YOUR OBJECTIVE:
Print, from the listing below, the lines starting at the line containing "#142=FACE_BOUND('',#141,.T.);" and ending at the line containing "#178=FACE_BOUND('',#177,.T.);", exactly as they stand, and print nothing else.

TASK MATERIAL:

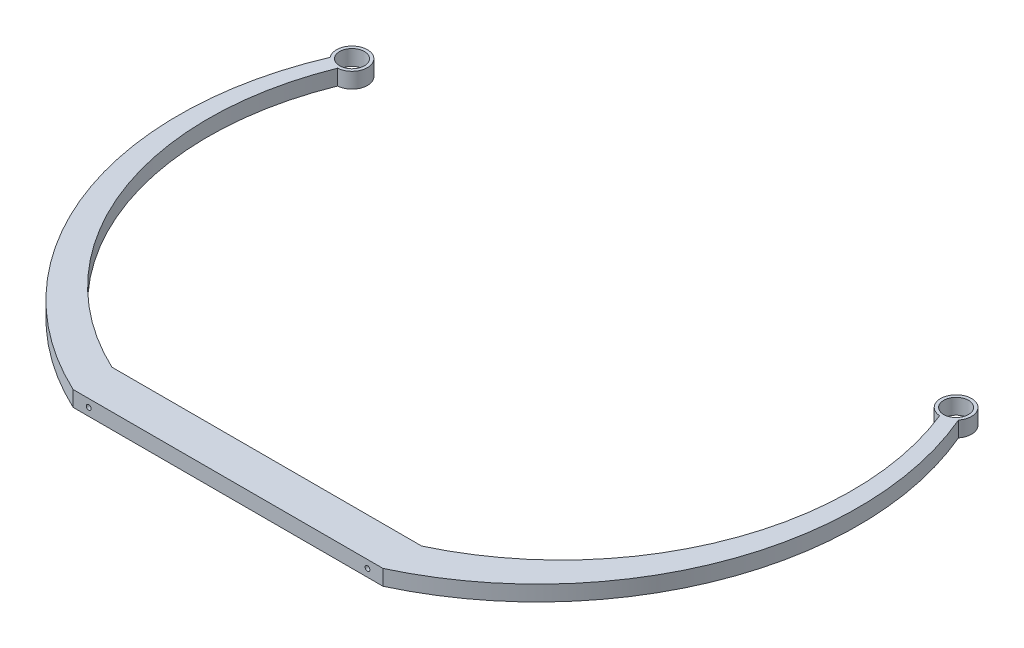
ISO-10303-21;
HEADER;
FILE_DESCRIPTION(('STEP AP214'),'2;1');
FILE_NAME('part.step','',(''),(''),'','','');
FILE_SCHEMA(('AUTOMOTIVE_DESIGN { 1 0 10303 214 1 1 1 1 }'));
ENDSEC;
DATA;
#1=APPLICATION_CONTEXT('core data for automotive mechanical design processes');
#2=APPLICATION_PROTOCOL_DEFINITION('international standard','automotive_design',2000,#1);
#3=PRODUCT_CONTEXT('',#1,'mechanical');
#4=PRODUCT('Part','Part','',(#3));
#5=PRODUCT_RELATED_PRODUCT_CATEGORY('part','',(#4));
#6=PRODUCT_DEFINITION_FORMATION('','',#4);
#7=PRODUCT_DEFINITION_CONTEXT('part definition',#1,'design');
#8=PRODUCT_DEFINITION('design','',#6,#7);
#9=PRODUCT_DEFINITION_SHAPE('','',#8);
#10=(LENGTH_UNIT() NAMED_UNIT(*) SI_UNIT(.MILLI.,.METRE.));
#11=(NAMED_UNIT(*) PLANE_ANGLE_UNIT() SI_UNIT($,.RADIAN.));
#12=(NAMED_UNIT(*) SI_UNIT($,.STERADIAN.) SOLID_ANGLE_UNIT());
#13=UNCERTAINTY_MEASURE_WITH_UNIT(LENGTH_MEASURE(1.E-05),#10,'distance_accuracy_value','');
#14=(GEOMETRIC_REPRESENTATION_CONTEXT(3) GLOBAL_UNCERTAINTY_ASSIGNED_CONTEXT((#13)) GLOBAL_UNIT_ASSIGNED_CONTEXT((#10,
#11,#12)) REPRESENTATION_CONTEXT('',''));
#15=CARTESIAN_POINT('',(0.,0.,0.));
#16=DIRECTION('',(0.,0.,1.));
#17=DIRECTION('',(1.,0.,0.));
#18=AXIS2_PLACEMENT_3D('',#15,#16,#17);
#19=CARTESIAN_POINT('',(-20.,10.,-52.4999999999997));
#20=DIRECTION('',(0.,-1.,0.));
#21=DIRECTION('',(0.,0.,-1.));
#22=AXIS2_PLACEMENT_3D('',#19,#20,#21);
#23=CYLINDRICAL_SURFACE('',#22,187.882942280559);
#24=CARTESIAN_POINT('',(-20.,0.,-52.4999999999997));
#25=DIRECTION('',(0.,1.,0.));
#26=DIRECTION('',(0.,0.,1.));
#27=AXIS2_PLACEMENT_3D('',#24,#25,#26);
#28=CIRCLE('',#27,187.882942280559);
#29=CARTESIAN_POINT('',(-194.347397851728,0.,-122.521317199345));
#30=VERTEX_POINT('',#29);
#31=CARTESIAN_POINT('',(-100.,0.,117.5));
#32=VERTEX_POINT('',#31);
#33=EDGE_CURVE('E134',#30,#32,#28,.T.);
#34=ORIENTED_EDGE('',*,*,#33,.F.);
#35=DIRECTION('',(0.,-1.,0.));
#36=VECTOR('',#35,1.);
#37=CARTESIAN_POINT('',(-194.347397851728,10.,-122.521317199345));
#38=LINE('',#37,#36);
#39=CARTESIAN_POINT('',(-194.347397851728,10.,-122.521317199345));
#40=VERTEX_POINT('',#39);
#41=EDGE_CURVE('E11',#40,#30,#38,.T.);
#42=ORIENTED_EDGE('',*,*,#41,.F.);
#43=CARTESIAN_POINT('',(-20.,10.,-52.4999999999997));
#44=DIRECTION('',(0.,1.,0.));
#45=DIRECTION('',(0.,0.,1.));
#46=AXIS2_PLACEMENT_3D('',#43,#44,#45);
#47=CIRCLE('',#46,187.882942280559);
#48=CARTESIAN_POINT('',(-100.,10.,117.5));
#49=VERTEX_POINT('',#48);
#50=EDGE_CURVE('E155',#40,#49,#47,.T.);
#51=ORIENTED_EDGE('',*,*,#50,.T.);
#52=DIRECTION('',(0.,-1.,0.));
#53=VECTOR('',#52,1.);
#54=CARTESIAN_POINT('',(-100.,10.,117.5));
#55=LINE('',#54,#53);
#56=EDGE_CURVE('E91',#49,#32,#55,.T.);
#57=ORIENTED_EDGE('',*,*,#56,.T.);
#58=EDGE_LOOP('',(#34,#42,#51,#57));
#59=FACE_BOUND('',#58,.T.);
#60=ADVANCED_FACE('F41',(#59),#23,.F.);
#61=CARTESIAN_POINT('',(-195.,10.,-132.5));
#62=DIRECTION('',(0.,-1.,0.));
#63=DIRECTION('',(0.,0.,-1.));
#64=AXIS2_PLACEMENT_3D('',#61,#62,#63);
#65=CYLINDRICAL_SURFACE('',#64,10.0000000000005);
#66=CARTESIAN_POINT('',(-195.,0.,-132.5));
#67=DIRECTION('',(0.,1.,0.));
#68=DIRECTION('',(0.,0.,1.));
#69=AXIS2_PLACEMENT_3D('',#66,#67,#68);
#70=CIRCLE('',#69,10.0000000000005);
#71=CARTESIAN_POINT('',(-202.796765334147,0.,-126.238175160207));
#72=VERTEX_POINT('',#71);
#73=EDGE_CURVE('E137',#72,#30,#70,.F.);
#74=ORIENTED_EDGE('',*,*,#73,.F.);
#75=DIRECTION('',(0.,-1.,0.));
#76=VECTOR('',#75,1.);
#77=CARTESIAN_POINT('',(-202.796765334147,10.,-126.238175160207));
#78=LINE('',#77,#76);
#79=CARTESIAN_POINT('',(-202.796765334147,10.,-126.238175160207));
#80=VERTEX_POINT('',#79);
#81=EDGE_CURVE('E49',#80,#72,#78,.T.);
#82=ORIENTED_EDGE('',*,*,#81,.F.);
#83=CARTESIAN_POINT('',(-195.,10.,-132.5));
#84=DIRECTION('',(0.,1.,0.));
#85=DIRECTION('',(0.,0.,1.));
#86=AXIS2_PLACEMENT_3D('',#83,#84,#85);
#87=CIRCLE('',#86,10.0000000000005);
#88=EDGE_CURVE('E177',#80,#40,#87,.F.);
#89=ORIENTED_EDGE('',*,*,#88,.T.);
#90=ORIENTED_EDGE('',*,*,#41,.T.);
#91=EDGE_LOOP('',(#74,#82,#89,#90));
#92=FACE_BOUND('',#91,.T.);
#93=ADVANCED_FACE('F176',(#92),#65,.T.);
#94=CARTESIAN_POINT('',(-12.4999999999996,10.,-44.9999999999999));
#95=DIRECTION('',(0.,-1.,0.));
#96=DIRECTION('',(0.,0.,-1.));
#97=AXIS2_PLACEMENT_3D('',#94,#95,#96);
#98=CYLINDRICAL_SURFACE('',#97,206.911816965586);
#99=CARTESIAN_POINT('',(-12.4999999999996,0.,-44.9999999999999));
#100=DIRECTION('',(0.,1.,0.));
#101=DIRECTION('',(0.,0.,1.));
#102=AXIS2_PLACEMENT_3D('',#99,#100,#101);
#103=CIRCLE('',#102,206.911816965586);
#104=CARTESIAN_POINT('',(-100.,0.,142.5));
#105=VERTEX_POINT('',#104);
#106=EDGE_CURVE('E141',#72,#105,#103,.T.);
#107=ORIENTED_EDGE('',*,*,#106,.T.);
#108=DIRECTION('',(0.,-1.,0.));
#109=VECTOR('',#108,1.);
#110=CARTESIAN_POINT('',(-100.,10.,142.5));
#111=LINE('',#110,#109);
#112=CARTESIAN_POINT('',(-100.,10.,142.5));
#113=VERTEX_POINT('',#112);
#114=EDGE_CURVE('E161',#113,#105,#111,.T.);
#115=ORIENTED_EDGE('',*,*,#114,.F.);
#116=CARTESIAN_POINT('',(-12.4999999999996,10.,-44.9999999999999));
#117=DIRECTION('',(0.,1.,0.));
#118=DIRECTION('',(0.,0.,1.));
#119=AXIS2_PLACEMENT_3D('',#116,#117,#118);
#120=CIRCLE('',#119,206.911816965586);
#121=EDGE_CURVE('E167',#80,#113,#120,.T.);
#122=ORIENTED_EDGE('',*,*,#121,.F.);
#123=ORIENTED_EDGE('',*,*,#81,.T.);
#124=EDGE_LOOP('',(#107,#115,#122,#123));
#125=FACE_BOUND('',#124,.T.);
#126=ADVANCED_FACE('F165',(#125),#98,.T.);
#127=CARTESIAN_POINT('',(0.,10.,142.5));
#128=DIRECTION('',(0.,0.,1.));
#129=DIRECTION('',(1.,0.,0.));
#130=AXIS2_PLACEMENT_3D('',#127,#128,#129);
#131=PLANE('',#130);
#132=CARTESIAN_POINT('',(90.,5.,142.5));
#133=DIRECTION('',(0.,0.,-1.));
#134=DIRECTION('',(-1.,0.,0.));
#135=AXIS2_PLACEMENT_3D('',#132,#133,#134);
#136=CIRCLE('',#135,1.54999999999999);
#137=CARTESIAN_POINT('',(88.45,5.,142.5));
#138=VERTEX_POINT('',#137);
#139=EDGE_CURVE('E316',#138,#138,#136,.T.);
#140=ORIENTED_EDGE('',*,*,#139,.T.);
#141=EDGE_LOOP('',(#140));
#142=FACE_BOUND('',#141,.T.);
#143=CARTESIAN_POINT('',(-90.,5.00000000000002,142.5));
#144=DIRECTION('',(0.,0.,-1.));
#145=DIRECTION('',(-1.,0.,0.));
#146=AXIS2_PLACEMENT_3D('',#143,#144,#145);
#147=CIRCLE('',#146,1.54999999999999);
#148=CARTESIAN_POINT('',(-91.55,5.00000000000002,142.5));
#149=VERTEX_POINT('',#148);
#150=EDGE_CURVE('E322',#149,#149,#147,.T.);
#151=ORIENTED_EDGE('',*,*,#150,.T.);
#152=EDGE_LOOP('',(#151));
#153=FACE_BOUND('',#152,.T.);
#154=DIRECTION('',(-1.,0.,0.));
#155=VECTOR('',#154,1.);
#156=CARTESIAN_POINT('',(0.,0.,142.5));
#157=LINE('',#156,#155);
#158=CARTESIAN_POINT('',(100.,0.,142.5));
#159=VERTEX_POINT('',#158);
#160=EDGE_CURVE('E144',#159,#105,#157,.T.);
#161=ORIENTED_EDGE('',*,*,#160,.F.);
#162=DIRECTION('',(0.,-1.,0.));
#163=VECTOR('',#162,1.);
#164=CARTESIAN_POINT('',(100.,10.,142.5));
#165=LINE('',#164,#163);
#166=CARTESIAN_POINT('',(100.,10.,142.5));
#167=VERTEX_POINT('',#166);
#168=EDGE_CURVE('E159',#167,#159,#165,.T.);
#169=ORIENTED_EDGE('',*,*,#168,.F.);
#170=DIRECTION('',(-1.,0.,0.));
#171=VECTOR('',#170,1.);
#172=CARTESIAN_POINT('',(0.,10.,142.5));
#173=LINE('',#172,#171);
#174=EDGE_CURVE('E186',#167,#113,#173,.T.);
#175=ORIENTED_EDGE('',*,*,#174,.T.);
#176=ORIENTED_EDGE('',*,*,#114,.T.);
#177=EDGE_LOOP('',(#161,#169,#175,#176));
#178=FACE_BOUND('',#177,.T.);
#179=ADVANCED_FACE('F189',(#142,#153,#178),#131,.T.);
#180=CARTESIAN_POINT('',(12.499999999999,10.,-45.0000000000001));
#181=DIRECTION('',(0.,-1.,0.));
#182=DIRECTION('',(0.,0.,-1.));
#183=AXIS2_PLACEMENT_3D('',#180,#181,#182);
#184=CYLINDRICAL_SURFACE('',#183,206.911816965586);
#185=CARTESIAN_POINT('',(12.499999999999,0.,-45.0000000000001));
#186=DIRECTION('',(0.,1.,0.));
#187=DIRECTION('',(0.,0.,1.));
#188=AXIS2_PLACEMENT_3D('',#185,#186,#187);
#189=CIRCLE('',#188,206.911816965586);
#190=CARTESIAN_POINT('',(202.796765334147,0.,-126.238175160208));
#191=VERTEX_POINT('',#190);
#192=EDGE_CURVE('E147',#159,#191,#189,.T.);
#193=ORIENTED_EDGE('',*,*,#192,.T.);
#194=DIRECTION('',(0.,-1.,0.));
#195=VECTOR('',#194,1.);
#196=CARTESIAN_POINT('',(202.796765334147,10.,-126.238175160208));
#197=LINE('',#196,#195);
#198=CARTESIAN_POINT('',(202.796765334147,10.,-126.238175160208));
#199=VERTEX_POINT('',#198);
#200=EDGE_CURVE('E120',#199,#191,#197,.T.);
#201=ORIENTED_EDGE('',*,*,#200,.F.);
#202=CARTESIAN_POINT('',(12.499999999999,10.,-45.0000000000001));
#203=DIRECTION('',(0.,1.,0.));
#204=DIRECTION('',(0.,0.,1.));
#205=AXIS2_PLACEMENT_3D('',#202,#203,#204);
#206=CIRCLE('',#205,206.911816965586);
#207=EDGE_CURVE('E126',#167,#199,#206,.T.);
#208=ORIENTED_EDGE('',*,*,#207,.F.);
#209=ORIENTED_EDGE('',*,*,#168,.T.);
#210=EDGE_LOOP('',(#193,#201,#208,#209));
#211=FACE_BOUND('',#210,.T.);
#212=ADVANCED_FACE('F191',(#211),#184,.T.);
#213=CARTESIAN_POINT('',(195.,10.,-132.5));
#214=DIRECTION('',(0.,-1.,0.));
#215=DIRECTION('',(0.,0.,-1.));
#216=AXIS2_PLACEMENT_3D('',#213,#214,#215);
#217=CYLINDRICAL_SURFACE('',#216,9.99999999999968);
#218=CARTESIAN_POINT('',(195.,0.,-132.5));
#219=DIRECTION('',(0.,1.,0.));
#220=DIRECTION('',(0.,0.,1.));
#221=AXIS2_PLACEMENT_3D('',#218,#219,#220);
#222=CIRCLE('',#221,9.99999999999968);
#223=CARTESIAN_POINT('',(194.347397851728,0.,-122.521317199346));
#224=VERTEX_POINT('',#223);
#225=EDGE_CURVE('E115',#224,#191,#222,.F.);
#226=ORIENTED_EDGE('',*,*,#225,.F.);
#227=DIRECTION('',(0.,-1.,0.));
#228=VECTOR('',#227,1.);
#229=CARTESIAN_POINT('',(194.347397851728,10.,-122.521317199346));
#230=LINE('',#229,#228);
#231=CARTESIAN_POINT('',(194.347397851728,10.,-122.521317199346));
#232=VERTEX_POINT('',#231);
#233=EDGE_CURVE('E110',#232,#224,#230,.T.);
#234=ORIENTED_EDGE('',*,*,#233,.F.);
#235=CARTESIAN_POINT('',(195.,10.,-132.5));
#236=DIRECTION('',(0.,1.,0.));
#237=DIRECTION('',(0.,0.,1.));
#238=AXIS2_PLACEMENT_3D('',#235,#236,#237);
#239=CIRCLE('',#238,9.99999999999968);
#240=EDGE_CURVE('E113',#232,#199,#239,.F.);
#241=ORIENTED_EDGE('',*,*,#240,.T.);
#242=ORIENTED_EDGE('',*,*,#200,.T.);
#243=EDGE_LOOP('',(#226,#234,#241,#242));
#244=FACE_BOUND('',#243,.T.);
#245=ADVANCED_FACE('F112',(#244),#217,.T.);
#246=CARTESIAN_POINT('',(19.9999999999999,10.,-52.4999999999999));
#247=DIRECTION('',(0.,-1.,0.));
#248=DIRECTION('',(0.,0.,-1.));
#249=AXIS2_PLACEMENT_3D('',#246,#247,#248);
#250=CYLINDRICAL_SURFACE('',#249,187.88294228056);
#251=CARTESIAN_POINT('',(19.9999999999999,0.,-52.4999999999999));
#252=DIRECTION('',(0.,1.,0.));
#253=DIRECTION('',(0.,0.,1.));
#254=AXIS2_PLACEMENT_3D('',#251,#252,#253);
#255=CIRCLE('',#254,187.88294228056);
#256=CARTESIAN_POINT('',(100.,0.,117.5));
#257=VERTEX_POINT('',#256);
#258=EDGE_CURVE('E151',#257,#224,#255,.T.);
#259=ORIENTED_EDGE('',*,*,#258,.F.);
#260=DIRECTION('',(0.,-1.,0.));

ANSWER SPACE:
#142=FACE_BOUND('',#141,.T.);
#143=CARTESIAN_POINT('',(-90.,5.00000000000002,142.5));
#144=DIRECTION('',(0.,0.,-1.));
#145=DIRECTION('',(-1.,0.,0.));
#146=AXIS2_PLACEMENT_3D('',#143,#144,#145);
#147=CIRCLE('',#146,1.54999999999999);
#148=CARTESIAN_POINT('',(-91.55,5.00000000000002,142.5));
#149=VERTEX_POINT('',#148);
#150=EDGE_CURVE('E322',#149,#149,#147,.T.);
#151=ORIENTED_EDGE('',*,*,#150,.T.);
#152=EDGE_LOOP('',(#151));
#153=FACE_BOUND('',#152,.T.);
#154=DIRECTION('',(-1.,0.,0.));
#155=VECTOR('',#154,1.);
#156=CARTESIAN_POINT('',(0.,0.,142.5));
#157=LINE('',#156,#155);
#158=CARTESIAN_POINT('',(100.,0.,142.5));
#159=VERTEX_POINT('',#158);
#160=EDGE_CURVE('E144',#159,#105,#157,.T.);
#161=ORIENTED_EDGE('',*,*,#160,.F.);
#162=DIRECTION('',(0.,-1.,0.));
#163=VECTOR('',#162,1.);
#164=CARTESIAN_POINT('',(100.,10.,142.5));
#165=LINE('',#164,#163);
#166=CARTESIAN_POINT('',(100.,10.,142.5));
#167=VERTEX_POINT('',#166);
#168=EDGE_CURVE('E159',#167,#159,#165,.T.);
#169=ORIENTED_EDGE('',*,*,#168,.F.);
#170=DIRECTION('',(-1.,0.,0.));
#171=VECTOR('',#170,1.);
#172=CARTESIAN_POINT('',(0.,10.,142.5));
#173=LINE('',#172,#171);
#174=EDGE_CURVE('E186',#167,#113,#173,.T.);
#175=ORIENTED_EDGE('',*,*,#174,.T.);
#176=ORIENTED_EDGE('',*,*,#114,.T.);
#177=EDGE_LOOP('',(#161,#169,#175,#176));
#178=FACE_BOUND('',#177,.T.);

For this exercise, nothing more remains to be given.